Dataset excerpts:
————————
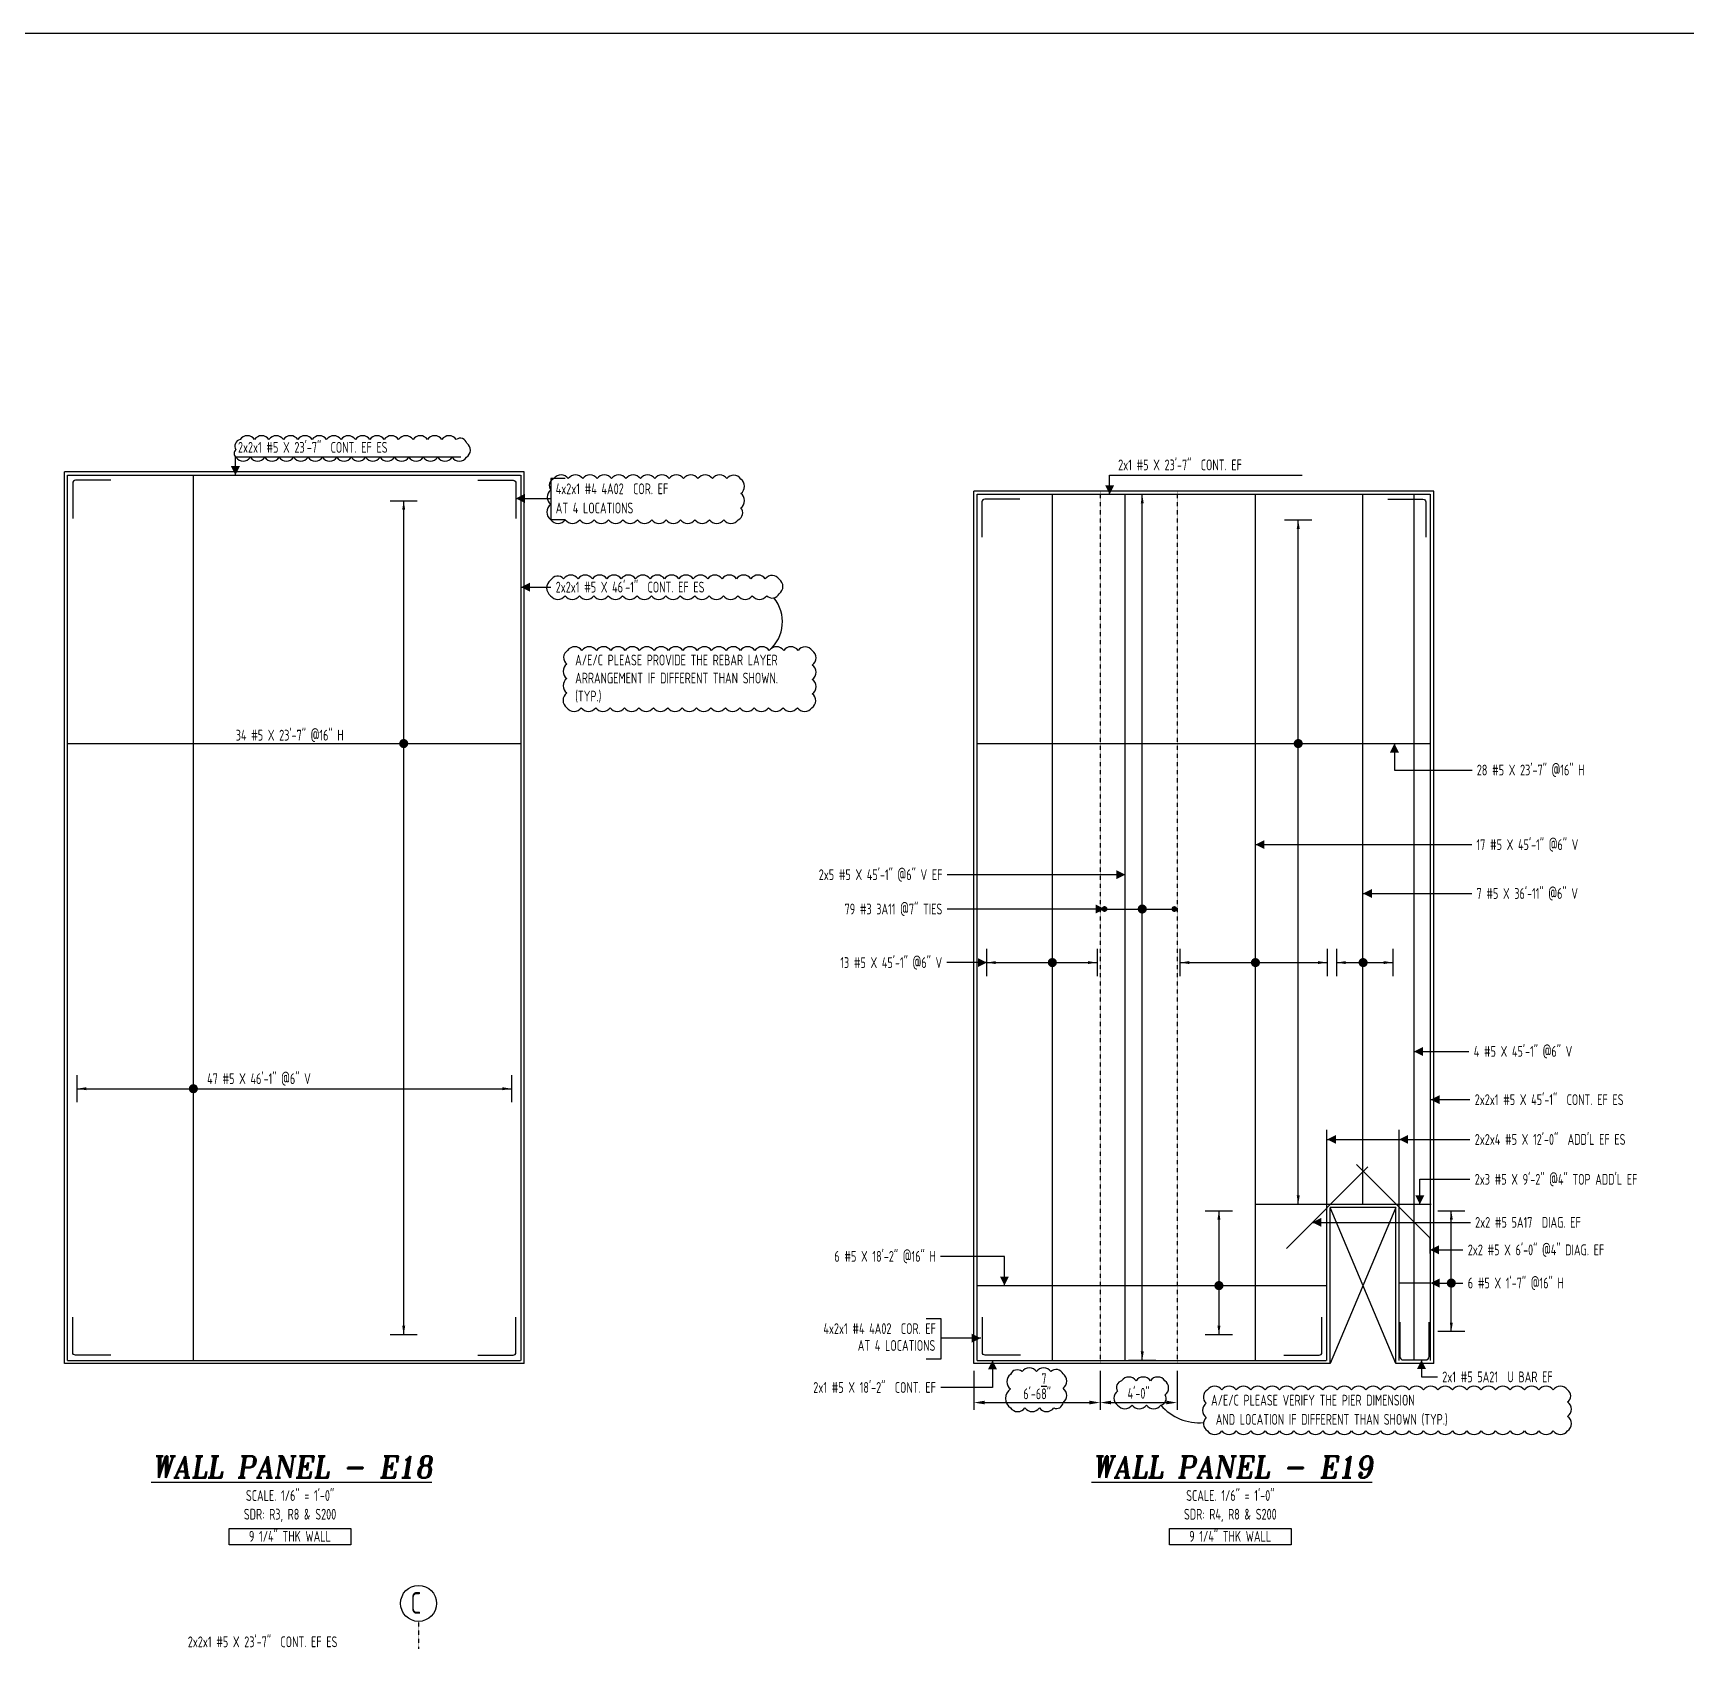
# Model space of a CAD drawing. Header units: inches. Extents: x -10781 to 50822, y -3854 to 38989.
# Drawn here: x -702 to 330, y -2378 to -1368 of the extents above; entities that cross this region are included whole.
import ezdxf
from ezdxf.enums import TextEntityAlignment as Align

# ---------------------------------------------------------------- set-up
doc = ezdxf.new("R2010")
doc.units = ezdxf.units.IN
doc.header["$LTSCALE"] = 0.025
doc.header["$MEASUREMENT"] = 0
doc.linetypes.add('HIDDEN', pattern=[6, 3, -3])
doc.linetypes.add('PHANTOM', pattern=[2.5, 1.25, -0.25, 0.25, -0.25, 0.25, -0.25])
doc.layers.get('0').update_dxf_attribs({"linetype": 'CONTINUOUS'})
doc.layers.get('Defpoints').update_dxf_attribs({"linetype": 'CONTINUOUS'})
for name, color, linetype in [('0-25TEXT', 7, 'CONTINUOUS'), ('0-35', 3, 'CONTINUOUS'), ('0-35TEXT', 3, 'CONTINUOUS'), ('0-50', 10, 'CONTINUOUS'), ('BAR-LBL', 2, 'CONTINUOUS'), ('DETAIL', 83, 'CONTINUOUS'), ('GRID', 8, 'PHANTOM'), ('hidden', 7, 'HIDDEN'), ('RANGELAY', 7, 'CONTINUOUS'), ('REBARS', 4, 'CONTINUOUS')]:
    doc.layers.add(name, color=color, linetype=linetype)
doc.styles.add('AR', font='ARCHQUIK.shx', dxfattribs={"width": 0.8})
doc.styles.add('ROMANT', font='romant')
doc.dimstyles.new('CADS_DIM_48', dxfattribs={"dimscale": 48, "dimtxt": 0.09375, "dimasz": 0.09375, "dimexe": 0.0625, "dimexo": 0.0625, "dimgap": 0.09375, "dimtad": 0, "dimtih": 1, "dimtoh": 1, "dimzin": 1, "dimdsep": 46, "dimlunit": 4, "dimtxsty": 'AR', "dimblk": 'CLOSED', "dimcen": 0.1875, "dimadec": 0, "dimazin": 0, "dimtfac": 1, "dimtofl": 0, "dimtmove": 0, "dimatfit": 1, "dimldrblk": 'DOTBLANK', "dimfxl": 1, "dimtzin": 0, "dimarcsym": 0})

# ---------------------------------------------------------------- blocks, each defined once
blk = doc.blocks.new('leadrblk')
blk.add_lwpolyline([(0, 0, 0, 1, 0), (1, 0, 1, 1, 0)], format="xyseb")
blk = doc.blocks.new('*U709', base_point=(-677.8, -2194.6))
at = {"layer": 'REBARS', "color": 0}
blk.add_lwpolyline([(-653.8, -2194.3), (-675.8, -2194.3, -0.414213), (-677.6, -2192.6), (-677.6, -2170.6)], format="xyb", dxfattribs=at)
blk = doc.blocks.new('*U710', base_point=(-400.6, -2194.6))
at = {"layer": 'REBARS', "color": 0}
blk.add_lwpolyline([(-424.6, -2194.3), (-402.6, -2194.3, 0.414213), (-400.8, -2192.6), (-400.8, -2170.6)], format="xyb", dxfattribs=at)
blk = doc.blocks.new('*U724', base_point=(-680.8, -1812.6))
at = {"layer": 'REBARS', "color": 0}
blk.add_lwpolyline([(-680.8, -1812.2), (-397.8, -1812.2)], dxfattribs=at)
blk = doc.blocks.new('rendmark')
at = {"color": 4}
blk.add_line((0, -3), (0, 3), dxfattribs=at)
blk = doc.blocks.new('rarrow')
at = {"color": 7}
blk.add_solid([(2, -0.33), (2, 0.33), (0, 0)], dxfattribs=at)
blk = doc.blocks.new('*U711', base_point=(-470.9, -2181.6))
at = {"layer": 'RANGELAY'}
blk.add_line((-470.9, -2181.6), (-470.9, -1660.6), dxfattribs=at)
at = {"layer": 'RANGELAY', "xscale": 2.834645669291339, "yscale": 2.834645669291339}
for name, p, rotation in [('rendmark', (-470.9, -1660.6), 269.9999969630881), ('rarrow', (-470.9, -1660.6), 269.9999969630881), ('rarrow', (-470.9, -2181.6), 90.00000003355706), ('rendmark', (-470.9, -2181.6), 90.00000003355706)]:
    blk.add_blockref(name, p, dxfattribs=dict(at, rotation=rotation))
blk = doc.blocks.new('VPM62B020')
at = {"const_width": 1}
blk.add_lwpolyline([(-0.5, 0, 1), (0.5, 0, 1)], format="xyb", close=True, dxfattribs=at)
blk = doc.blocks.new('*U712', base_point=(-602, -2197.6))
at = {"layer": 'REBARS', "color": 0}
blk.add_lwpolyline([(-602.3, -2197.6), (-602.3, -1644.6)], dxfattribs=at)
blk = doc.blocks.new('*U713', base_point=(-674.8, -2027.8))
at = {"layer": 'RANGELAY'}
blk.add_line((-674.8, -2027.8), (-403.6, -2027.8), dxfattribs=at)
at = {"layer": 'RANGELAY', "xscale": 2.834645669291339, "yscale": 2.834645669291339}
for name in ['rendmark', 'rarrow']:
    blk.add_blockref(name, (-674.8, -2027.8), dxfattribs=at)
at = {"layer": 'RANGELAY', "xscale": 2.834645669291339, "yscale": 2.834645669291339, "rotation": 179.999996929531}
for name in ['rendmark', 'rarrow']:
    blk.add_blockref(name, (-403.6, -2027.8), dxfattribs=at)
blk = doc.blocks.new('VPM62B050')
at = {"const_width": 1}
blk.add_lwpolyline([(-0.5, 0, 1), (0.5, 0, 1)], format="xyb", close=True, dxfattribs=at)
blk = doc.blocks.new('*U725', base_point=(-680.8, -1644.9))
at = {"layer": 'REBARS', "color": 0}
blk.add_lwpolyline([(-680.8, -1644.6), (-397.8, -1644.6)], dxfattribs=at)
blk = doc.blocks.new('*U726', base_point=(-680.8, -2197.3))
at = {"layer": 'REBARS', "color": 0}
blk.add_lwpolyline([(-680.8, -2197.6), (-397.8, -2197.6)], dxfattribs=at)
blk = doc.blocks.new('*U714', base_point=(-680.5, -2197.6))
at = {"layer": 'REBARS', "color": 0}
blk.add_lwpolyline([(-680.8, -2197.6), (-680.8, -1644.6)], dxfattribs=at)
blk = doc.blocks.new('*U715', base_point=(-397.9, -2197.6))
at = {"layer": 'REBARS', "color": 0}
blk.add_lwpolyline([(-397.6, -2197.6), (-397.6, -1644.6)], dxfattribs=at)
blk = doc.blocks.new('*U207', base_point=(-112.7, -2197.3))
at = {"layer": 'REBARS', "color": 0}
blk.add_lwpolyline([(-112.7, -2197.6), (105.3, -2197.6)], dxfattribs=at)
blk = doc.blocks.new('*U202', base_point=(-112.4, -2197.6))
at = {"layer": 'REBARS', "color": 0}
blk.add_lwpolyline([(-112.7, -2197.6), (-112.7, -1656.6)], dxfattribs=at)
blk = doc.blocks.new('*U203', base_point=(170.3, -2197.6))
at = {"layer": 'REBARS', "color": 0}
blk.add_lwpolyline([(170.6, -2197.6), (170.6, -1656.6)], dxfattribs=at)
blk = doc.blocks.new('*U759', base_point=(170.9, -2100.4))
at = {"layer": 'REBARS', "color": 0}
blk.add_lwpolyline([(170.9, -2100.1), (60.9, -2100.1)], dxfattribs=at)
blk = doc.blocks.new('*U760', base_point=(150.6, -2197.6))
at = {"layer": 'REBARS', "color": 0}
————————
Each record must appear again exactly as written above, without its pictures.

# Model space of a CAD drawing. Header units: inches. Extents: x -10781 to 50822, y -3854 to 38989.
# Drawn here: x -702 to 330, y -2378 to -1368 of the extents above; entities that cross this region are included whole.
import ezdxf
from ezdxf.enums import TextEntityAlignment as Align

# ---------------------------------------------------------------- set-up
doc = ezdxf.new("R2010")
doc.units = ezdxf.units.IN
doc.header["$LTSCALE"] = 0.025
doc.header["$MEASUREMENT"] = 0
doc.linetypes.add('HIDDEN', pattern=[6, 3, -3])
doc.linetypes.add('PHANTOM', pattern=[2.5, 1.25, -0.25, 0.25, -0.25, 0.25, -0.25])
doc.layers.get('0').update_dxf_attribs({"linetype": 'CONTINUOUS'})
doc.layers.get('Defpoints').update_dxf_attribs({"linetype": 'CONTINUOUS'})
for name, color, linetype in [('0-25TEXT', 7, 'CONTINUOUS'), ('0-35', 3, 'CONTINUOUS'), ('0-35TEXT', 3, 'CONTINUOUS'), ('0-50', 10, 'CONTINUOUS'), ('BAR-LBL', 2, 'CONTINUOUS'), ('DETAIL', 83, 'CONTINUOUS'), ('GRID', 8, 'PHANTOM'), ('hidden', 7, 'HIDDEN'), ('RANGELAY', 7, 'CONTINUOUS'), ('REBARS', 4, 'CONTINUOUS')]:
    doc.layers.add(name, color=color, linetype=linetype)
doc.styles.add('AR', font='ARCHQUIK.shx', dxfattribs={"width": 0.8})
doc.styles.add('ROMANT', font='romant')
doc.dimstyles.new('CADS_DIM_48', dxfattribs={"dimscale": 48, "dimtxt": 0.09375, "dimasz": 0.09375, "dimexe": 0.0625, "dimexo": 0.0625, "dimgap": 0.09375, "dimtad": 0, "dimtih": 1, "dimtoh": 1, "dimzin": 1, "dimdsep": 46, "dimlunit": 4, "dimtxsty": 'AR', "dimblk": 'CLOSED', "dimcen": 0.1875, "dimadec": 0, "dimazin": 0, "dimtfac": 1, "dimtofl": 0, "dimtmove": 0, "dimatfit": 1, "dimldrblk": 'DOTBLANK', "dimfxl": 1, "dimtzin": 0, "dimarcsym": 0})

# ---------------------------------------------------------------- blocks, each defined once
blk = doc.blocks.new('leadrblk')
blk.add_lwpolyline([(0, 0, 0, 1, 0), (1, 0, 1, 1, 0)], format="xyseb")
blk = doc.blocks.new('*U709', base_point=(-677.8, -2194.6))
at = {"layer": 'REBARS', "color": 0}
blk.add_lwpolyline([(-653.8, -2194.3), (-675.8, -2194.3, -0.414213), (-677.6, -2192.6), (-677.6, -2170.6)], format="xyb", dxfattribs=at)
blk = doc.blocks.new('*U710', base_point=(-400.6, -2194.6))
at = {"layer": 'REBARS', "color": 0}
blk.add_lwpolyline([(-424.6, -2194.3), (-402.6, -2194.3, 0.414213), (-400.8, -2192.6), (-400.8, -2170.6)], format="xyb", dxfattribs=at)
blk = doc.blocks.new('*U724', base_point=(-680.8, -1812.6))
at = {"layer": 'REBARS', "color": 0}
blk.add_lwpolyline([(-680.8, -1812.2), (-397.8, -1812.2)], dxfattribs=at)
blk = doc.blocks.new('rendmark')
at = {"color": 4}
blk.add_line((0, -3), (0, 3), dxfattribs=at)
blk = doc.blocks.new('rarrow')
at = {"color": 7}
blk.add_solid([(2, -0.33), (2, 0.33), (0, 0)], dxfattribs=at)
blk = doc.blocks.new('*U711', base_point=(-470.9, -2181.6))
at = {"layer": 'RANGELAY'}
blk.add_line((-470.9, -2181.6), (-470.9, -1660.6), dxfattribs=at)
at = {"layer": 'RANGELAY', "xscale": 2.834645669291339, "yscale": 2.834645669291339}
for name, p, rotation in [('rendmark', (-470.9, -1660.6), 269.9999969630881), ('rarrow', (-470.9, -1660.6), 269.9999969630881), ('rarrow', (-470.9, -2181.6), 90.00000003355706), ('rendmark', (-470.9, -2181.6), 90.00000003355706)]:
    blk.add_blockref(name, p, dxfattribs=dict(at, rotation=rotation))
blk = doc.blocks.new('VPM62B020')
at = {"const_width": 1}
blk.add_lwpolyline([(-0.5, 0, 1), (0.5, 0, 1)], format="xyb", close=True, dxfattribs=at)
blk = doc.blocks.new('*U712', base_point=(-602, -2197.6))
at = {"layer": 'REBARS', "color": 0}
blk.add_lwpolyline([(-602.3, -2197.6), (-602.3, -1644.6)], dxfattribs=at)
blk = doc.blocks.new('*U713', base_point=(-674.8, -2027.8))
at = {"layer": 'RANGELAY'}
blk.add_line((-674.8, -2027.8), (-403.6, -2027.8), dxfattribs=at)
at = {"layer": 'RANGELAY', "xscale": 2.834645669291339, "yscale": 2.834645669291339}
for name in ['rendmark', 'rarrow']:
    blk.add_blockref(name, (-674.8, -2027.8), dxfattribs=at)
at = {"layer": 'RANGELAY', "xscale": 2.834645669291339, "yscale": 2.834645669291339, "rotation": 179.999996929531}
for name in ['rendmark', 'rarrow']:
    blk.add_blockref(name, (-403.6, -2027.8), dxfattribs=at)
blk = doc.blocks.new('VPM62B050')
at = {"const_width": 1}
blk.add_lwpolyline([(-0.5, 0, 1), (0.5, 0, 1)], format="xyb", close=True, dxfattribs=at)
blk = doc.blocks.new('*U725', base_point=(-680.8, -1644.9))
at = {"layer": 'REBARS', "color": 0}
blk.add_lwpolyline([(-680.8, -1644.6), (-397.8, -1644.6)], dxfattribs=at)
blk = doc.blocks.new('*U726', base_point=(-680.8, -2197.3))
at = {"layer": 'REBARS', "color": 0}
blk.add_lwpolyline([(-680.8, -2197.6), (-397.8, -2197.6)], dxfattribs=at)
blk = doc.blocks.new('*U714', base_point=(-680.5, -2197.6))
at = {"layer": 'REBARS', "color": 0}
blk.add_lwpolyline([(-680.8, -2197.6), (-680.8, -1644.6)], dxfattribs=at)
blk = doc.blocks.new('*U715', base_point=(-397.9, -2197.6))
at = {"layer": 'REBARS', "color": 0}
blk.add_lwpolyline([(-397.6, -2197.6), (-397.6, -1644.6)], dxfattribs=at)
blk = doc.blocks.new('*U207', base_point=(-112.7, -2197.3))
at = {"layer": 'REBARS', "color": 0}
blk.add_lwpolyline([(-112.7, -2197.6), (105.3, -2197.6)], dxfattribs=at)
blk = doc.blocks.new('*U202', base_point=(-112.4, -2197.6))
at = {"layer": 'REBARS', "color": 0}
blk.add_lwpolyline([(-112.7, -2197.6), (-112.7, -1656.6)], dxfattribs=at)
blk = doc.blocks.new('*U203', base_point=(170.3, -2197.6))
at = {"layer": 'REBARS', "color": 0}
blk.add_lwpolyline([(170.6, -2197.6), (170.6, -1656.6)], dxfattribs=at)
blk = doc.blocks.new('*U759', base_point=(170.9, -2100.4))
at = {"layer": 'REBARS', "color": 0}
blk.add_lwpolyline([(170.9, -2100.1), (60.9, -2100.1)], dxfattribs=at)
blk = doc.blocks.new('*U760', base_point=(150.6, -2197.6))
at = {"layer": 'REBARS', "color": 0}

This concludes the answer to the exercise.